Flash Vs. Static Adsby Shea Laverty
As you surf the Internet, you may notice that a number of websites feature advertisements. Many of these ads come in the form of embedded banners, which advertise a service, product or company. These banners are frequently found on websites hosting freely accessible content, as a form of generating revenue to run the site. You may have also noticed not all of these ads are the same -- some of them are a simple picture, some of them are animated and some even feature interactivity.
A static ad is just that, static. If features no animation, motion or other interactivity, outside of being clickable. These banners are something like an ad in the newspaper or a magazine, an image arranged to arouse your interest and get you to click. Some are tailored to fit in with a specific site, blending in with the color scheme or setup of the site. In general, they contain images, slogans or relevant text for the advertised product, service or company.
Animated ads are similar to static ads in that they are an image file. However, animated ads feature a sequence of frames containing images, slogans or text. The ad cycles through these frames in sequential order to create an animation loop. Some ads are designed to loop infinitely, while others are set to go through one, or a set number of loop sequences. Some Web hosts require that an animated banner have a set number of cycles to limit bandwidth consumption. These files are typically GIF format, as it is a widely used format supported by most Web browsers.
Flash ads take the concept of an animated banner a step further. Using Adobe's Flash animation platform, animations in a flash ad have a more fluid feel compared to their slightly clunkier GIF counterparts. Flash ads also open the opportunity for advertisers to create an interactive ad. Users may be ask to choose between a number of options, or to play a rudimentary game, before being taken to the advertiser's link. These files are saved in the Flash format, SWF.

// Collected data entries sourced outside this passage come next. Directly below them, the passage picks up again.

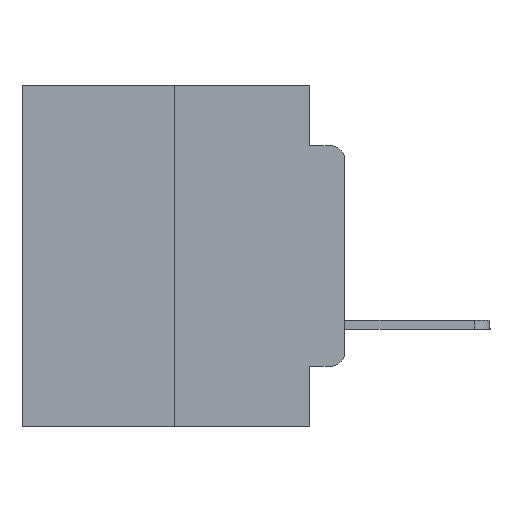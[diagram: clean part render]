
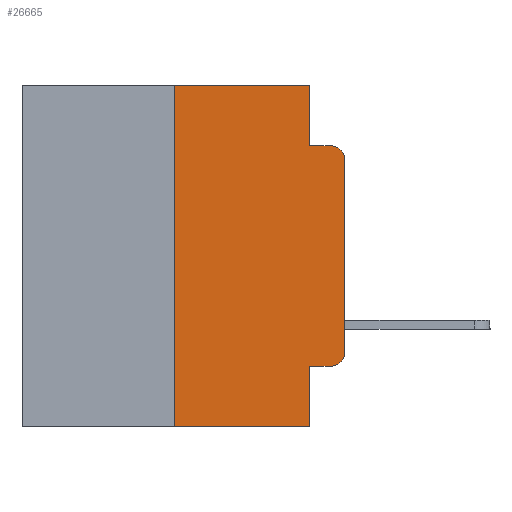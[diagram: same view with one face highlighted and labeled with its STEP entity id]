
A CAD part, left-side view. The second image highlights one B-rep face of the part: STEP entity #26665.
In plain terms, the highlighted planar face has unit normal (-1, 0, 0).
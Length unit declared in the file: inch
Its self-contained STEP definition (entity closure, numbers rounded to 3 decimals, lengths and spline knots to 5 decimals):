
#43 = CARTESIAN_POINT ( 'NONE',  ( 0., 0.25, -0.5 ) ) ;
#175 = ORIENTED_EDGE ( 'NONE', *, *, #6621, .T. ) ;
#509 = ORIENTED_EDGE ( 'NONE', *, *, #13958, .T. ) ;
#639 = EDGE_CURVE ( 'NONE', #9965, #6120, #15202, .T. ) ;
#914 = DIRECTION ( 'NONE',  ( 0., 0., -1. ) ) ;
#1405 = VECTOR ( 'NONE', #13020, 39.37008 ) ;
#1573 = LINE ( 'NONE', #13919, #24259 ) ;
#1633 = LINE ( 'NONE', #25926, #14332 ) ;
#3246 = EDGE_CURVE ( 'NONE', #9742, #15822, #5140, .T. ) ;
#3283 = CARTESIAN_POINT ( 'NONE',  ( 0., 0., 0. ) ) ;
#3339 = EDGE_CURVE ( 'NONE', #5356, #14011, #17635, .T. ) ;
#3583 = CARTESIAN_POINT ( 'NONE',  ( 0., 0.051, -0.5 ) ) ;
#4286 = VECTOR ( 'NONE', #26071, 39.37008 ) ;
#4958 = CARTESIAN_POINT ( 'NONE',  ( 0., 0.02, -0.4115 ) ) ;
#5140 = CIRCLE ( 'NONE', #19040, 0.02 ) ;
#5356 = VERTEX_POINT ( 'NONE', #43 ) ;
#5407 = DIRECTION ( 'NONE',  ( 0., 0., -1. ) ) ;
#5578 = CARTESIAN_POINT ( 'NONE',  ( 0., 0.051, -0.0885 ) ) ;
#5750 = CARTESIAN_POINT ( 'NONE',  ( 0., 0.02, -0.0885 ) ) ;
#5872 = ORIENTED_EDGE ( 'NONE', *, *, #3339, .F. ) ;
#6120 = VERTEX_POINT ( 'NONE', #11788 ) ;
#6372 = DIRECTION ( 'NONE',  ( 0., 0., -1. ) ) ;
#6411 = ORIENTED_EDGE ( 'NONE', *, *, #19955, .F. ) ;
#6449 = EDGE_LOOP ( 'NONE', ( #16057, #24818, #19037, #13267, #15316, #5872, #509, #6411, #175, #21963 ) ) ;
#6621 = EDGE_CURVE ( 'NONE', #26745, #9965, #1573, .T. ) ;
#6797 = FACE_OUTER_BOUND ( 'NONE', #6449, .T. ) ;
#7221 = CARTESIAN_POINT ( 'NONE',  ( 0., 0.051, -0.4115 ) ) ;
#7763 = LINE ( 'NONE', #3283, #24640 ) ;
#8923 = CARTESIAN_POINT ( 'NONE',  ( 0., 0.25, 0. ) ) ;
#9182 = DIRECTION ( 'NONE',  ( 0., -1., 0. ) ) ;
#9497 = CARTESIAN_POINT ( 'NONE',  ( 0., 0.473, 0. ) ) ;
#9504 = CARTESIAN_POINT ( 'NONE',  ( 0., 0., -0.1085 ) ) ;
#9659 = DIRECTION ( 'NONE',  ( 0., -1., 0. ) ) ;
#9742 = VERTEX_POINT ( 'NONE', #9504 ) ;
#9965 = VERTEX_POINT ( 'NONE', #4958 ) ;
#10029 = AXIS2_PLACEMENT_3D ( 'NONE', #23262, #25279, #6372 ) ;
#10767 = CARTESIAN_POINT ( 'NONE',  ( 0., 0.473, 0. ) ) ;
#11236 = VECTOR ( 'NONE', #25887, 39.37008 ) ;
#11788 = CARTESIAN_POINT ( 'NONE',  ( 0., 0., -0.3915 ) ) ;
#13020 = DIRECTION ( 'NONE',  ( 0., 0., -1. ) ) ;
#13141 = DIRECTION ( 'NONE',  ( -1., 0., 0. ) ) ;
#13267 = ORIENTED_EDGE ( 'NONE', *, *, #21452, .F. ) ;
#13444 = CARTESIAN_POINT ( 'NONE',  ( 0., 0.051, 0. ) ) ;
#13919 = CARTESIAN_POINT ( 'NONE',  ( 0., 0.051, -0.4115 ) ) ;
#13958 = EDGE_CURVE ( 'NONE', #5356, #20313, #21689, .T. ) ;
#14011 = VERTEX_POINT ( 'NONE', #25739 ) ;
#14332 = VECTOR ( 'NONE', #5407, 39.37008 ) ;
#14585 = VECTOR ( 'NONE', #9182, 39.37008 ) ;
#14812 = VECTOR ( 'NONE', #9659, 39.37008 ) ;
#15120 = DIRECTION ( 'NONE',  ( 0., 0., -1. ) ) ;
#15166 = CARTESIAN_POINT ( 'NONE',  ( 0., 0.473, -0.5 ) ) ;
#15202 = CIRCLE ( 'NONE', #10029, 0.02 ) ;
#15316 = ORIENTED_EDGE ( 'NONE', *, *, #16788, .F. ) ;
#15482 = VERTEX_POINT ( 'NONE', #13444 ) ;
#15665 = LINE ( 'NONE', #5578, #14812 ) ;
#15822 = VERTEX_POINT ( 'NONE', #5750 ) ;
#16057 = ORIENTED_EDGE ( 'NONE', *, *, #16265, .T. ) ;
#16265 = EDGE_CURVE ( 'NONE', #6120, #9742, #7763, .T. ) ;
#16788 = EDGE_CURVE ( 'NONE', #14011, #15482, #21740, .T. ) ;
#16902 = PLANE ( 'NONE',  #24056 ) ;
#17635 = LINE ( 'NONE', #8923, #11236 ) ;
#17889 = VERTEX_POINT ( 'NONE', #26076 ) ;
#18934 = DIRECTION ( 'NONE',  ( 1., 0., 0. ) ) ;
#19037 = ORIENTED_EDGE ( 'NONE', *, *, #19487, .F. ) ;
#19040 = AXIS2_PLACEMENT_3D ( 'NONE', #23468, #13141, #914 ) ;
#19487 = EDGE_CURVE ( 'NONE', #17889, #15822, #15665, .T. ) ;
#19955 = EDGE_CURVE ( 'NONE', #26745, #20313, #1633, .T. ) ;
#20313 = VERTEX_POINT ( 'NONE', #3583 ) ;
#21452 = EDGE_CURVE ( 'NONE', #15482, #17889, #23478, .T. ) ;
#21689 = LINE ( 'NONE', #15166, #14585 ) ;
#21740 = LINE ( 'NONE', #9497, #4286 ) ;
#21963 = ORIENTED_EDGE ( 'NONE', *, *, #639, .T. ) ;
#22208 = DIRECTION ( 'NONE',  ( 0., -1., 0. ) ) ;
#22318 = DIRECTION ( 'NONE',  ( 0., 0., 1. ) ) ;
#23262 = CARTESIAN_POINT ( 'NONE',  ( 0., 0.02, -0.3915 ) ) ;
#23468 = CARTESIAN_POINT ( 'NONE',  ( 0., 0.02, -0.1085 ) ) ;
#23478 = LINE ( 'NONE', #25364, #1405 ) ;
#24056 = AXIS2_PLACEMENT_3D ( 'NONE', #10767, #18934, #15120 ) ;
#24259 = VECTOR ( 'NONE', #22208, 39.37008 ) ;
#24640 = VECTOR ( 'NONE', #22318, 39.37008 ) ;
#24818 = ORIENTED_EDGE ( 'NONE', *, *, #3246, .T. ) ;
#25279 = DIRECTION ( 'NONE',  ( -1., 0., 0. ) ) ;
#25364 = CARTESIAN_POINT ( 'NONE',  ( 0., 0.051, 0. ) ) ;
#25739 = CARTESIAN_POINT ( 'NONE',  ( 0., 0.25, 0. ) ) ;
#25887 = DIRECTION ( 'NONE',  ( 0., 0., 1. ) ) ;
#25926 = CARTESIAN_POINT ( 'NONE',  ( 0., 0.051, 0. ) ) ;
#26071 = DIRECTION ( 'NONE',  ( 0., -1., 0. ) ) ;
#26076 = CARTESIAN_POINT ( 'NONE',  ( 0., 0.051, -0.0885 ) ) ;
#26665 = ADVANCED_FACE ( 'NONE', ( #6797 ), #16902, .F. ) ;
#26745 = VERTEX_POINT ( 'NONE', #7221 ) ;

Creating any of the mentioned advertisements requires a few tools. For static ads, little more than an image editor is require. This can range from the absolute basic, including Microsoft Paint, to professional graphic design programs such as Adobe Photoshop or CorelDRAW. Making an animated ad will require a GIF animation program. Adobe offers this capability in its Photoshop and Flash programs, although many free GIF animators are also available online. To create Flash ads, users will require a Flash editor. Adobe's Flash software is the professional standard, although many free alternatives also exist.